Hyperbole aside, the long accepted nexus between NPEs and “low quality patents” rests on the notion that, true to their name, NPEs purchase patents without the intent to practice them in products. Grace Heinecke, “Pay the Troll Toll: The Patent Troll Model is Fundamentally at Odds with the Patent System’s Goals of Innovation and Competition,” 1171. Instead of aiming to use their patents in the traditional sense, NPEs—specifically the subset of NPEs pejoratively referred to as “patent trolls”—acquire patents to assert them against parties practicing those patents, to extract licensing fees or settlement payments, which the practicing entities choose to pay to avoid the cost of litigating an infringement suit. Id. at 1171-72; John F. Luman III & Christopher L. Dodson, “No Longer a Myth, the Emergence of Patent Troll: Stifling Innovation, Increasing Litigation, and Extorting Billions.” (This article will treat the terms “non-practicing entity,” “patent troll,” “patent assertion entity” and “patent monetization entity” as equivalents.) Since low quality patents yield unpredictable litigation outcomes, so the accepted wisdom goes, they are “excellent fodder” for NPEs, who leverage this uncertainty to induce settlements from alleged infringers. Luman & Dodson, supra.

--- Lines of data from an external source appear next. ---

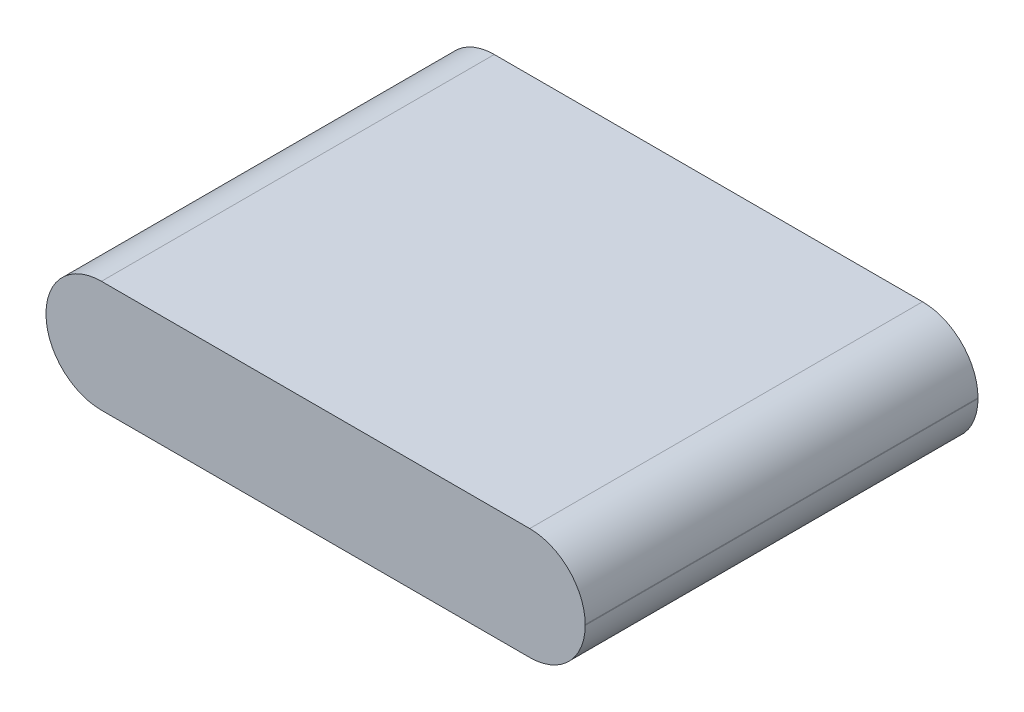
from build123d import *

# Parameters (mm, degrees)
SKETCH1_W           = 70
SKETCH1_H           = 51
BOSS_EXTRUDE1_DEPTH = 14.5
FILLET1_R           = 7.2


with BuildPart() as part:
    # Sketch1 → Boss-Extrude1 (new body)
    with BuildSketch(Plane(origin=(0, 0, 0), x_dir=(1, 0, 0), z_dir=(0, 1, 0))):
        Rectangle(SKETCH1_W, SKETCH1_H)
    extrude(amount=BOSS_EXTRUDE1_DEPTH)

    # Fillet1
    fillet1_edges = [part.edges().sort_by_distance(p)[0] for p in [
        (-35, 14.5, 0),
        (35, 14.5, 0),
        (-35, 0, 0),
        (35, 0, 0),
    ]]
    fillet(fillet1_edges, radius=FILLET1_R)


solid = part.part

This narrative has become pervasive. Writing in 2011-2012, advocates for this view warned that “[NPE lawsuits harm] society. While the lawsuits increase incentives to acquire vague, overreaching patents, they decrease incentives for real innovation overall.” James Bessen, Jennifer Ford & Michael Meurer, “Do Nonpracticing Entities Benefit Society by Facilitating Markets for Technology?” Such warnings led to action, and have propelled recent IP policy making. Comments made on the floor of the US Senate in 2014 understandably reflected the belief that NPEs actually depend on low quality patents: “[l]ow quality patents are essential to a patent troll’s business model.” 160 Cong. Rec. S6124 (daily ed. Nov. 19, 2014). Even strong patent advocates have pointed to low quality patents asserted by patent trolls as the problem with the patent system. Just last year, a strong-patents scholar described the patents acquired by trolls as “dubious, highly questionable patents that in many cases should never have been issued,” that are “low quality” and “overbroad.” Gene Quinn, “The PTAB has Failed to Solve the Patent Troll Problem Created by Large Operating Companies.”